Recorded data |
>>

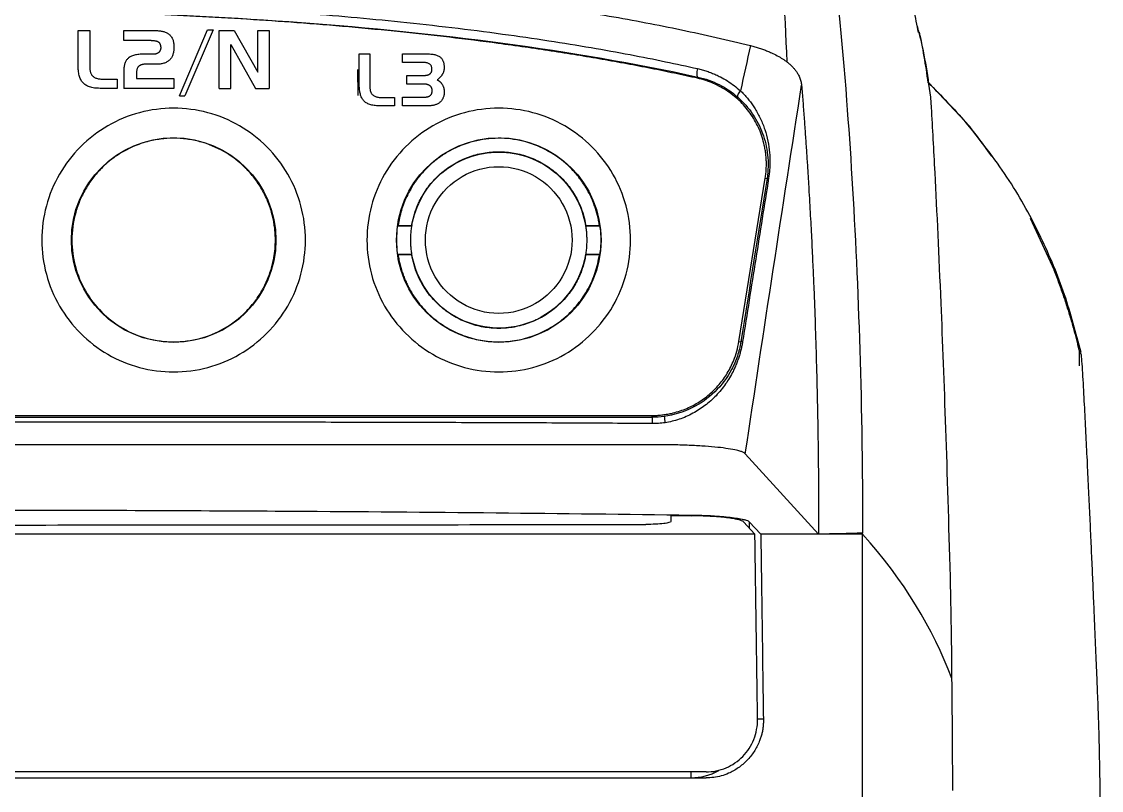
# Model space of a CAD drawing. Extents: x 86 to 639, y 68 to 658.
# Drawn here: x 333.02 to 369.88, y 441.52 to 467.75 of the extents above; entities that cross this region are included whole.
import ezdxf

# ---------------------------------------------------------------- set-up
doc = ezdxf.new("R2010")
doc.units = 0
doc.layers.get('0').update_dxf_attribs({"linetype": 'CONTINUOUS'})

msp = doc.modelspace()

# ---------------------------------------------------------------- linework, layer by layer
at = {"color": 7, "linetype": 'CONTINUOUS'}
for p, q in [((338.409, 465.221), (339.365, 467.467)), ((339.557, 467.467), (338.592, 465.221)), ((339.365, 467.467), (339.557, 467.467)), ((334.943, 466.271), (334.943, 467.445)), ((334.943, 467.445), (335.341, 467.445)), ((335.341, 467.445), (335.341, 466.251)), ((336.504, 467.112), (336.504, 467.445)), ((336.504, 467.445), (337.621, 467.445)), ((337.438, 467.112), (336.504, 467.112)), ((337.438, 467.112), (337.46, 467.111)), ((337.46, 467.111), (337.482, 467.111)), ((337.482, 467.111), (337.503, 467.109)), ((337.503, 467.109), (337.524, 467.108)), ((337.524, 467.108), (337.543, 467.105)), ((337.543, 467.105), (337.562, 467.102)), ((337.562, 467.102), (337.579, 467.099)), ((337.579, 467.099), (337.596, 467.095)), ((337.596, 467.095), (337.612, 467.091)), ((337.621, 467.445), (337.656, 467.444)), ((337.656, 467.444), (337.69, 467.443)), ((337.69, 467.443), (337.722, 467.44)), ((337.722, 467.44), (337.754, 467.437)), ((337.754, 467.437), (337.784, 467.432)), ((337.784, 467.432), (337.814, 467.427)), ((337.814, 467.427), (337.843, 467.42)), ((337.843, 467.42), (337.87, 467.413)), ((337.87, 467.413), (337.897, 467.404)), ((337.897, 467.404), (337.922, 467.395)), ((337.922, 467.395), (337.946, 467.385)), ((337.946, 467.385), (337.97, 467.373)), ((337.97, 467.373), (337.992, 467.361)), ((337.992, 467.361), (338.013, 467.347)), ((338.013, 467.347), (338.034, 467.333)), ((338.034, 467.333), (338.053, 467.318)), ((338.053, 467.318), (338.073, 467.3)), ((338.073, 467.3), (338.091, 467.281)), ((338.091, 467.281), (338.108, 467.26)), ((338.108, 467.26), (338.124, 467.239)), ((338.124, 467.239), (338.139, 467.217)), ((338.139, 467.217), (338.152, 467.193)), ((338.152, 467.193), (338.165, 467.168)), ((338.165, 467.168), (338.176, 467.142)), ((338.176, 467.142), (338.185, 467.115)), ((338.185, 467.115), (338.193, 467.086)), ((339.76, 465.475), (339.76, 467.445)), ((339.76, 467.445), (340.277, 467.445)), ((340.277, 467.445), (341.084, 466.025)), ((341.084, 466.025), (341.084, 467.445)), ((341.084, 467.445), (341.471, 467.445)), ((341.471, 467.445), (341.471, 465.475)), ((337.612, 467.091), (337.627, 467.086)), ((337.627, 467.086), (337.642, 467.081)), ((337.642, 467.081), (337.655, 467.075)), ((337.655, 467.075), (337.668, 467.069)), ((337.668, 467.069), (337.679, 467.062)), ((337.679, 467.062), (337.69, 467.055)), ((337.69, 467.055), (337.7, 467.047)), ((337.7, 467.047), (337.708, 467.039)), ((337.708, 467.039), (337.715, 467.032)), ((337.715, 467.032), (337.722, 467.023)), ((337.722, 467.023), (337.728, 467.014)), ((337.728, 466.735), (337.722, 466.726)), ((337.728, 467.014), (337.734, 467.005)), ((337.734, 466.743), (337.728, 466.735)), ((337.734, 467.005), (337.74, 466.995)), ((337.74, 466.753), (337.734, 466.743)), ((337.74, 466.995), (337.744, 466.984)), ((337.744, 466.762), (337.74, 466.753)), ((337.744, 466.984), (337.749, 466.973)), ((337.749, 466.772), (337.744, 466.762)), ((337.749, 466.973), (337.752, 466.961)), ((337.752, 466.782), (337.749, 466.772)), ((337.752, 466.961), (337.756, 466.949)), ((337.756, 466.793), (337.752, 466.782)), ((337.756, 466.949), (337.759, 466.936)), ((337.759, 466.804), (337.756, 466.793)), ((337.759, 466.936), (337.761, 466.923)), ((337.761, 466.815), (337.759, 466.804)), ((337.761, 466.923), (337.763, 466.908)), ((337.763, 466.827), (337.761, 466.815)), ((337.763, 466.908), (337.764, 466.894)), ((337.764, 466.839), (337.763, 466.827)), ((337.764, 466.894), (337.765, 466.879)), ((337.765, 466.851), (337.764, 466.839)), ((337.765, 466.879), (337.765, 466.863)), ((337.765, 466.863), (337.765, 466.851)), ((338.193, 467.086), (338.2, 467.057)), ((338.203, 466.727), (338.198, 466.697)), ((338.2, 467.057), (338.206, 467.026)), ((338.208, 466.758), (338.203, 466.727)), ((338.206, 467.026), (338.211, 466.994)), ((338.212, 466.789), (338.208, 466.758)), ((338.211, 466.994), (338.214, 466.961)), ((338.215, 466.823), (338.212, 466.789)), ((338.214, 466.961), (338.216, 466.927)), ((338.216, 466.856), (338.215, 466.823)), ((338.216, 466.927), (338.217, 466.892)), ((338.217, 466.892), (338.216, 466.856)), ((340.158, 466.971), (341.005, 465.475)), ((340.158, 465.475), (340.158, 466.971)), ((336.561, 466.378), (336.55, 466.353)), ((336.573, 466.401), (336.561, 466.378)), ((336.586, 466.424), (336.573, 466.401)), ((336.6, 466.445), (336.586, 466.424)), ((336.616, 466.464), (336.6, 466.445)), ((336.632, 466.482), (336.616, 466.464)), ((336.65, 466.499), (336.632, 466.482)), ((336.671, 466.517), (336.65, 466.499)), ((336.694, 466.533), (336.671, 466.517)), ((336.719, 466.548), (336.694, 466.533)), ((336.745, 466.562), (336.719, 466.548)), ((336.773, 466.575), (336.745, 466.562)), ((336.803, 466.587), (336.773, 466.575)), ((336.835, 466.598), (336.803, 466.587)), ((336.869, 466.607), (336.835, 466.598)), ((336.904, 466.616), (336.869, 466.607)), ((336.942, 466.623), (336.904, 466.616)), ((336.981, 466.629), (336.942, 466.623)), ((337.022, 466.634), (336.981, 466.629)), ((337.064, 466.638), (337.022, 466.634)), ((337.109, 466.641), (337.064, 466.638)), ((337.155, 466.643), (337.109, 466.641)), ((337.203, 466.643), (337.155, 466.643)), ((337.536, 466.643), (337.203, 466.643)), ((337.549, 466.643), (337.536, 466.643)), ((337.56, 466.644), (337.549, 466.643)), ((337.572, 466.645), (337.56, 466.644)), ((337.584, 466.647), (337.572, 466.645)), ((337.595, 466.649), (337.584, 466.647)), ((337.606, 466.651), (337.595, 466.649)), ((337.616, 466.654), (337.606, 466.651)), ((337.627, 466.658), (337.616, 466.654)), ((337.637, 466.662), (337.627, 466.658)), ((337.646, 466.666), (337.637, 466.662)), ((337.656, 466.671), (337.646, 466.666)), ((337.665, 466.677), (337.656, 466.671)), ((337.674, 466.682), (337.665, 466.677)), ((337.683, 466.689), (337.674, 466.682)), ((337.692, 466.695), (337.683, 466.689)), ((337.7, 466.703), (337.692, 466.695)), ((337.708, 466.71), (337.7, 466.703)), ((337.715, 466.718), (337.708, 466.71)), ((337.722, 466.726), (337.715, 466.718)), ((337.953, 466.362), (337.926, 466.35)), ((337.978, 466.375), (337.953, 466.362)), ((338.002, 466.389), (337.978, 466.375)), ((338.024, 466.405), (338.002, 466.389)), ((338.045, 466.422), (338.024, 466.405)), ((338.065, 466.44), (338.045, 466.422)), ((338.084, 466.46), (338.065, 466.44)), ((338.1, 466.479), (338.084, 466.46)), ((338.115, 466.499), (338.1, 466.479)), ((338.129, 466.52), (338.115, 466.499)), ((338.142, 466.542), (338.129, 466.52)), ((338.154, 466.565), (338.142, 466.542)), ((338.165, 466.589), (338.154, 466.565)), ((338.175, 466.615), (338.165, 466.589)), ((338.183, 466.641), (338.175, 466.615)), ((338.191, 466.669), (338.183, 466.641)), ((338.198, 466.697), (338.191, 466.669)), ((344.545, 465.596), (344.545, 466.652)), ((344.545, 466.652), (344.903, 466.652)), ((344.903, 466.652), (344.903, 465.578)), ((346.023, 466.358), (346.023, 466.652)), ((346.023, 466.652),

<<

What the exercise asks |
Every line above that holds the string "CONTINUOUS" should be returned.

Exercise result |
doc.layers.get('0').update_dxf_attribs({"linetype": 'CONTINUOUS'})
at = {"color": 7, "linetype": 'CONTINUOUS'}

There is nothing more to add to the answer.